▶ [Task requirements] Tell how many lines of the data include the word "BodyBotSup". Nothing but the number belongs in the answer.

Entries taken from a collection
--- START ---

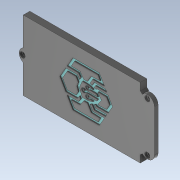
# Autodesk Inventor part: BodyBotSup
Saved by Autodesk Inventor 2020 (Build 240168000, 168)
## iProperties
Created: 2020-02-29
Part Number: BodyBotSup
Material: Generic
Document SubType Name: Modeling
Designer: Turing
Density: 1 g/cm^3
Appearance: Smooth - Black
Mass: 46.7134 g
Surface Area: 265.653 cm^2
Volume: 46.7134 cm^3
Author: Turing
Autodesk Inventor part; units mm, degrees
ref_plane "YZ Plane" through (0, 0, 0) normal (1, 0, 0) x (0, 1, 0)
ref_plane "XZ Plane" through (0, 0, 0) normal (0, 1, 0) x (-1, 0, 0)
ref_plane "XY Plane" through (0, 0, 0) normal (0, 0, 1) x (1, 0, 0)
sketch "Sketch1" plane through (0, 0, 0) normal (0, 0, 1) x (1, 0, 0)
  circle A0 centre (-91.4877, 59.6152) radius 5 projected
  circle A1 centre (0, -76.8001) radius 5 projected
  circle A2 centre (91.4877, 59.6152) radius 5 projected
  circle A3 centre (91.4877, -59.6152) radius 5 projected
  circle A4 centre (-91.4877, -59.6152) radius 5 projected
  circle A5 centre (0, 76.8001) radius 5 projected
  line L0 (-72.1, 6.8739) -> (-72.1, 37.6) projected
  line L1 (-72.1, 37.6) -> (53.9, 37.6) projected
  line L2 (53.9, 37.6) -> (53.9, 29.7386) projected
  line L3 (53.9, 29.7386) -> (56.1, 27.699) projected
  arc A6 (69.1, 22.6) -> (56.1, 27.699) centre (61.6, 22.6) ccw projected
  line L4 (69.1, 22.6) -> (69.1, -22.6) projected
  arc A7 (56.1, -27.699) -> (69.1, -22.6) centre (61.6, -22.6) ccw projected
  line L5 (56.1, -27.699) -> (53.9, -29.7386) projected
  line L6 (53.9, -29.7386) -> (53.9, -37.6) projected
  line L7 (53.9, -37.6) -> (-72.1, -37.6) projected
  line L8 (-72.1, -37.6) -> (-72.1, -6.8739) projected
  arc A8 (-72.1, 6.8739) -> (-72.1, -6.8739) centre (-69.1, 0) ccw projected
  line L9 (53.9, 29.7386) -> (56.1, 27.699) projected
  line L10 (53.9, 37.6) -> (53.9, 29.7386) projected
  line L11 (-72.1, 37.6) -> (53.9, 37.6) projected
  line L12 (-72.1, 6.8739) -> (-72.1, 37.6) projected
  arc A9 (-69.1, 7.5) -> (-72.1, 6.8739) centre (-69.1, 0) ccw projected
  line L13 (-69.1, 34.6) -> (-69.1, 7.5) projected
  line L14 (50.9, 34.6) -> (-69.1, 34.6) projected
  line L15 (50.9, 26.6) -> (50.9, 34.6) projected
  line L16 (-60, 26.6) -> (50.9, 26.6) projected
  line L17 (-60, 22.6) -> (-60, 26.6) projected
  line L18 (54.1, 22.6) -> (-60, 22.6) projected
  arc A10 (56.1, 27.699) -> (54.1, 22.6) centre (61.6, 22.6) ccw projected
  line L19 (53.9, -37.6) -> (-72.1, -37.6) projected
  line L20 (53.9, -29.7386) -> (53.9, -37.6) projected
  line L21 (56.1, -27.699) -> (53.9, -29.7386) projected
  arc A11 (54.1, -22.6) -> (56.1, -27.699) centre (61.6, -22.6) ccw projected
  line L22 (-60, -22.6) -> (54.1, -22.6) projected
  line L23 (-60, -26.6) -> (-60, -22.6) projected
  line L24 (50.9, -26.6) -> (-60, -26.6) projected
  line L25 (50.9, -34.6) -> (50.9, -26.6) projected
  line L26 (-69.1, -34.6) -> (50.9, -34.6) projected
  line L27 (-69.1, -7.5) -> (-69.1, -34.6) projected
  arc A12 (-72.1, -6.8739) -> (-69.1, -7.5) centre (-69.1, 0) ccw projected
  line L28 (-72.1, -37.6) -> (-72.1, -6.8739) projected
  circle A13 centre (-72.85, 0) radius 1.5 projected
  circle A14 centre (61.6, -26.35) radius 1.5 projected
  circle A15 centre (61.6, 26.35) radius 1.5 projected
  line L29 (-77.315, -35.1795) -> (-80.415, -33.3898) projected
  line L30 (-80.415, -33.3898) -> (-80.415, -29.8103) projected
  line L31 (-80.415, -29.8103) -> (-77.315, -28.0205) projected
  line L32 (-77.315, -28.0205) -> (-74.2151, -29.8102) projected
  line L33 (-74.2151, -29.8102) -> (-74.2151, -33.3897) projected
  line L34 (-74.2151, -33.3897) -> (-77.315, -35.1795) projected
  line L35 (-1.7898, 50.8) -> (1.7897, 50.8) projected
  line L36 (1.7897, 50.8) -> (3.5795, 47.7) projected
  line L37 (3.5795, 47.7) -> (1.7897, 44.6001) projected
  line L38 (1.7897, 44.6001) -> (-1.7898, 44.6001) projected
  line L39 (-1.7898, 44.6001) -> (-3.5795, 47.7) projected
  line L40 (-3.5795, 47.7) -> (-1.7898, 50.8) projected
  line L41 (-74.2151, 33.3898) -> (-74.2151, 29.8103) projected
  line L42 (-74.2151, 29.8103) -> (-77.315, 28.0205) projected
  line L43 (-77.315, 28.0205) -> (-80.415, 29.8102) projected
  line L44 (-80.415, 29.8102) -> (-80.415, 33.3897) projected
  line L45 (-80.415, 33.3897) -> (-77.315, 35.1795) projected
  line L46 (-77.315, 35.1795) -> (-74.2151, 33.3898) projected
  line L47 (1.7897, -50.8) -> (-1.7898, -50.8) projected
  line L48 (-1.7898, -50.8) -> (-3.5795, -47.7) projected
  line L49 (-3.5795, -47.7) -> (-1.7898, -44.6001) projected
  line L50 (-1.7898, -44.6001) -> (1.7897, -44.6001) projected
  line L51 (1.7897, -44.6001) -> (3.5795, -47.7) projected
  line L52 (3.5795, -47.7) -> (1.7897, -50.8) projected
  line L53 (94.3529, -43.81) -> (76.3482, 0) projected
  line L54 (76.3482, 0) -> (94.3529, 43.81) projected
  arc A16 (13.202, 67.65) -> (75.5922, 62.4195) centre (47.6542, 103.886) ccw projected
  line L55 (13.202, 67.65) -> (13.202, 85.3001) projected
  line L56 (-13.202, 85.3001) -> (-13.202, 67.65) projected
  arc A17 (-75.5922, 62.4195) -> (-13.202, 67.65) centre (-47.6542, 103.886) ccw projected
  line L57 (-75.5922, 62.4195) -> (-75.6824, 62.4804) projected
  line L58 (-106.8333, 56.2904) -> (-94.3529, 43.81) projected
  arc A18 (-94.3529, -43.81) -> (-94.3529, 43.81) centre (-249.3974, 0) ccw projected
  line L59 (-94.3529, -43.81) -> (-106.8333, -56.2904) projected
  line L60 (-75.6824, -62.4804) -> (-75.5922, -62.4195) projected
  arc A19 (-13.202, -67.65) -> (-75.5922, -62.4195) centre (-47.6542, -103.886) ccw projected
  line L61 (-13.202, -67.65) -> (-13.202, -85.3001) projected
  line L62 (13.202, -85.3001) -> (13.202, -67.65) projected
  arc A20 (75.5922, -62.4195) -> (13.202, -67.65) centre (47.6542, -103.886) ccw projected
  line L63 (75.5922, -62.4195) -> (75.6824, -62.4804) projected
  line L64 (75.6824, 62.4804) -> (75.5922, 62.4195) projected
  line L65 (33.8659, -51.2632) -> (32.0761, -48.1632) projected
  line L66 (32.0761, -48.1632) -> (33.8659, -45.0632) projected
  line L67 (33.8659, -45.0632) -> (37.4454, -45.0632) projected
  line L68 (37.4454, -45.0632) -> (39.2352, -48.1632) projected
  line L69 (39.2352, -48.1632) -> (37.4454, -51.2632) projected
  line L70 (37.4454, -51.2632) -> (33.8659, -51.2632) projected
  line L71 (33.8659, 51.2632) -> (37.4454, 51.2632) projected
  line L72 (37.4454, 51.2632) -> (39.2352, 48.1632) projected
  line L73 (39.2352, 48.1632) -> (37.4454, 45.0632) projected
  line L74 (37.4454, 45.0632) -> (33.8659, 45.0632) projected
  line L75 (33.8659, 45.0632) -> (32.0761, 48.1632) projected
  line L76 (32.0761, 48.1632) -> (33.8659, 51.2632) projected
  line L77 (-37.4454, -51.2632) -> (-39.2352, -48.1632) projected
  line L78 (-39.2352, -48.1632) -> (-37.4454, -45.0632) projected
  line L79 (-37.4454, -45.0632) -> (-33.8659, -45.0632) projected
  line L80 (-33.8659, -45.0632) -> (-32.0761, -48.1632) projected
  line L81 (-32.0761, -48.1632) -> (-33.8659, -51.2632) projected
  line L82 (-33.8659, -51.2632) -> (-37.4454, -51.2632) projected
  line L83 (-33.8659, 51.2632) -> (-32.0761, 48.1632) projected
  line L84 (-32.0761, 48.1632) -> (-33.8659, 45.0632) projected
  line L85 (-33.8659, 45.0632) -> (-37.4454, 45.0632) projected
  line L86 (-37.4454, 45.0632) -> (-39.2352, 48.1632) projected
  line L87 (-39.2352, 48.1632) -> (-37.4454, 51.2632) projected
  line L88 (-37.4454, 51.2632) -> (-33.8659, 51.2632) projected
  arc A21 (13.202, 85.3001) -> (-13.202, 85.3001) centre (0, 85.3001) ccw projected
  line L89 (-75.6824, 62.4804) -> (-88.1629, 74.9609) projected
  arc A22 (-88.1629, 74.9609) -> (-106.8333, 56.2904) centre (-97.4981, 65.6256) ccw projected
  arc A23 (-106.8333, -56.2904) -> (-88.1629, -74.9609) centre (-97.4981, -65.6256) ccw projected
  line L90 (-88.1629, -74.9609) -> (-75.6824, -62.4804) projected
  arc A24 (-13.202, -85.3001) -> (13.202, -85.3001) centre (0, -85.3001) ccw projected
  line L91 (75.6824, -62.4804) -> (88.1629, -74.9609) projected
  arc A25 (88.1629, -74.9609) -> (106.8333, -56.2904) centre (97.4981, -65.6256) ccw projected
  line L92 (106.8333, -56.2904) -> (94.3529, -43.81) projected
  line L93 (94.3529, 43.81) -> (106.8333, 56.2904) projected
  arc A26 (106.8333, 56.2904) -> (88.1629, 74.9609) centre (97.4981, 65.6256) ccw projected
  line L94 (88.1629, 74.9609) -> (75.6824, 62.4804) projected
  point P0 (0, 0)
extrude "Extrusion1" add sketch "Sketch1" against normal blind 4 contours A9 L13 L14 L15 L16 L17 L18 A10 A6 L4 A7 A11 L22 L23 L24 L25 L26 L27 A12 A8
sketch "Sketch2" plane through (0, 0, 0) normal (0, 0, 1) x (1, 0, 0)
  circle A0 centre (-91.4877, 59.6152) radius 5 projected
  circle A1 centre (0, -76.8001) radius 5 projected
  circle A2 centre (91.4877, 59.6152) radius 5 projected
  circle A3 centre (91.4877, -59.6152) radius 5 projected
  circle A4 centre (-91.4877, -59.6152) radius 5 projected
  circle A5 centre (0, 76.8001) radius 5 projected
  line L0 (-72.1, 6.8739) -> (-72.1, 37.6) projected
  line L1 (-72.1, 37.6) -> (53.9, 37.6) projected
  line L2 (53.9, 37.6) -> (53.9, 29.7386) projected
  line L3 (53.9, 29.7386) -> (56.1, 27.699) projected
  arc A6 (69.1, 22.6) -> (56.1, 27.699) centre (61.6, 22.6) ccw projected
  line L4 (69.1, 22.6) -> (69.1, -22.6) projected
  arc A7 (56.1, -27.699) -> (69.1, -22.6) centre (61.6, -22.6) ccw projected
  line L5 (56.1, -27.699) -> (53.9, -29.7386) projected
  line L6 (53.9, -29.7386) -> (53.9, -37.6) projected
  line L7 (53.9, -37.6) -> (-72.1, -37.6) projected
  line L8 (-72.1, -37.6) -> (-72.1, -6.8739) projected
  arc A8 (-72.1, 6.8739) -> (-72.1, -6.8739) centre (-69.1, 0) ccw projected
  line L9 (53.9, 29.7386) -> (56.1, 27.699) projected
  line L10 (53.9, 37.6) -> (53.9, 29.7386) projected
  line L11 (-72.1, 37.6) -> (53.9, 37.6) projected
  line L12 (-72.1, 6.8739) -> (-72.1, 37.6) projected
  arc A9 (-69.1, 7.5) -> (-72.1, 6.8739) centre (-69.1, 0) ccw projected
  line L13 (-69.1, 34.6) -> (-69.1, 7.5) projected
  line L14 (50.9, 34.6) -> (-69.1, 34.6) projected
  line L15 (50.9, 26.6) -> (50.9, 34.6) projected
  line L16 (-60, 26.6) -> (50.9, 26.6) projected
  line L17 (-60, 22.6) -> (-60, 26.6) projected
  line L18 (54.1, 22.6) -> (-60, 22.6) projected
  arc A10 (56.1, 27.699) -> (54.1, 22.6) centre (61.6, 22.6) ccw projected
  line L19 (53.9, -37.6) -> (-72.1, -37.6) projected
  line L20 (53.9, -29.7386) -> (53.9, -37.6) projected
  line L21 (56.1, -27.699) -> (53.9, -29.7386) projected
  arc A11 (54.1, -22.6) -> (56.1, -27.699) centre (61.6, -22.6) ccw projected
  line L22 (-60, -22.6) -> (54.1, -22.6) projected
  line L23 (-60, -26.6) -> (-60, -22.6) projected
  line L24 (50.9, -26.6) -> (-60, -26.6) projected
  line L25 (50.9, -34.6) -> (50.9, -26.6) projected
  line L26 (-69.1, -34.6) -> (50.9, -34.6) projected
  line L27 (-69.1, -7.5) -> (-69.1, -34.6) projected
  arc A12 (-72.1, -6.8739) -> (-69.1, -7.5) centre (-69.1, 0) ccw projected
  line L28 (-72.1, -37.6) -> (-72.1, -6.8739) projected
  line L29 (-77.315, -35.1795) -> (-80.415, -33.3898) projected
  line L30 (-80.415, -33.3898) -> (-80.415, -29.8103) projected
  line L31 (-80.415, -29.8103) -> (-77.315, -28.0205) projected
  line L32 (-77.315, -28.0205) -> (-74.2151, -29.8102) projected
  line L33 (-74.2151, -29.8102) -> (-74.2151, -33.3897) projected
  line L34 (-74.2151, -33.3897) -> (-77.315, -35.1795) projected
  line L35 (-1.7898, 50.8) -> (1.7897, 50.8) projected
  line L36 (1.7897, 50.8) -> (3.5795, 47.7) projected
  line L37 (3.5795, 47.7) -> (1.7897, 44.6001) projected
  line L38 (1.7897, 44.6001) -> (-1.7898, 44.6001) projected
  line L39 (-1.7898, 44.6001) -> (-3.5795, 47.7) projected
  line L40 (-3.5795, 47.7) -> (-1.7898, 50.8) projected
  line L41 (-74.2151, 33.3898) -> (-74.2151, 29.8103) projected
  line L42 (-74.2151, 29.8103) -> (-77.315, 28.0205) projected
  line L43 (-77.315, 28.0205) -> (-80.415, 29.8102) projected
  line L44 (-80.415, 29.8102) -> (-80.415, 33.3897) projected
  line L45 (-80.415, 33.3897) -> (-77.315, 35.1795) projected
  line L46 (-77.315, 35.1795) -> (-74.2151, 33.3898) projected
  line L47 (1.7897, -50.8) -> (-1.7898, -50.8) projected
  line L48 (-1.7898, -50.8) -> (-3.5795, -47.7) projected
  line L49 (-3.5795, -47.7) -> (-1.7898, -44.6001) projected
  line L50 (-1.7898, -44.6001) -> (1.7897, -44.6001) projected
  line L51 (1.7897, -44.6001) -> (3.5795, -47.7) projected
  line L52 (3.5795, -47.7) -> (1.7897, -50.8) projected
  line L53 (94.3529, -43.81) -> (76.3482, 0) projected
  line L54 (76.3482, 0) -> (94.3529, 43.81) projected
  arc A13 (13.202, 67.65) -> (75.5922, 62.4195) centre (47.6542, 103.886) ccw projected
  line L55 (13.202, 67.65) -> (13.202, 85.3001) projected
  line L56 (-13.202, 85.3001) -> (-13.202, 67.65) projected
  arc A14 (-75.5922, 62.4195) -> (-13.202, 67.65) centre (-47.6542, 103.886) ccw projected
  line L57 (-75.5922, 62.4195) -> (-75.6824, 62.4804) projected
  line L58 (-106.8333, 56.2904) -> (-94.3529, 43.81) projected
  arc A15 (-94.3529, -43.81) -> (-94.3529, 43.81) centre (-249.3974, 0) ccw projected
  line L59 (-94.3529, -43.81) -> (-106.8333, -56.2904) projected
  line L60 (-75.6824, -62.4804) -> (-75.5922, -62.4195) projected
  arc A16 (-13.202, -67.65) -> (-75.5922, -62.4195) centre (-47.6542, -103.886) ccw projected
  line L61 (-13.202, -67.65) -> (-13.202, -85.3001) projected
  line L62 (13.202, -85.3001) -> (13.202, -67.65) projected
  arc A17 (75.5922, -62.4195) -> (13.202, -67.65) centre (47.6542, -103.886) ccw projected
  line L63 (75.5922, -62.4195) -> (75.6824, -62.4804) projected
  line L64 (75.6824, 62.4804) -> (75.5922, 62.4195) projected
  line L65 (33.8659, -51.2632) -> (32.0761, -48.1632) projected
  line L66 (32.0761, -48.1632) -> (33.8659, -45.0632) projected
  line L67 (33.8659, -45.0632) -> (37.4454, -45.0632) projected
  line L68 (37.4454, -45.0632) -> (39.2352, -48.1632) projected
  line L69 (39.2352, -48.1632) -> (37.4454, -51.2632) projected
  line L70 (37.4454, -51.2632) -> (33.8659, -51.2632) projected
  line L71 (33.8659, 51.2632) -> (37.4454, 51.2632) projected
  line L72 (37.4454, 51.2632) -> (39.2352, 48.1632) projected
  line L73 (39.2352, 48.1632) -> (37.4454, 45.0632) projected
  line L74 (37.4454, 45.0632) -> (33.8659, 45.0632) projected
  line L75 (33.8659, 45.0632) -> (32.0761, 48.1632) projected
  line L76 (32.0761, 48.1632) -> (33.8659, 51.2632) projected
  line L77 (-37.4454, -51.2632) -> (-39.2352, -48.1632) projected
  line L78 (-39.2352, -48.1632) -> (-37.4454, -45.0632) projected
  line L79 (-37.4454, -45.0632) -> (-33.8659, -45.0632) projected
  line L80 (-33.8659, -45.0632) -> (-32.0761, -48.1632) projected
  line L81 (-32.0761, -48.1632) -> (-33.8659, -51.2632) projected
  line L82 (-33.8659, -51.2632) -> (-37.4454, -51.2632) projected
  line L83 (-33.8659, 51.2632) -> (-32.0761, 48.1632) projected
  line L84 (-32.0761, 48.1632) -> (-33.8659, 45.0632) projected
  line L85 (-33.8659, 45.0632) -> (-37.4454, 45.0632) projected
  line L86 (-37.4454, 45.0632) -> (-39.2352, 48.1632) projected
  line L87 (-39.2352, 48.1632) -> (-37.4454, 51.2632) projected
  line L88 (-37.4454, 51.2632) -> (-33.8659, 51.2632) projected
  arc A18 (13.202, 85.3001) -> (-13.202, 85.3001) centre (0, 85.3001) ccw projected
  line L89 (-75.6824, 62.4804) -> (-88.1629, 74.9609) projected
  arc A19 (-88.1629, 74.9609) -> (-106.8333, 56.2904) centre (-97.4981, 65.6256) ccw projected
  arc A20 (-106.8333, -56.2904) -> (-88.1629, -74.9609) centre (-97.4981, -65.6256) ccw projected
  line L90 (-88.1629, -74.9609) -> (-75.6824, -62.4804) projected
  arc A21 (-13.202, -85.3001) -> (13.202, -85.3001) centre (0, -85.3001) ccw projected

--- END ---

▶ [Solution to the problem] 2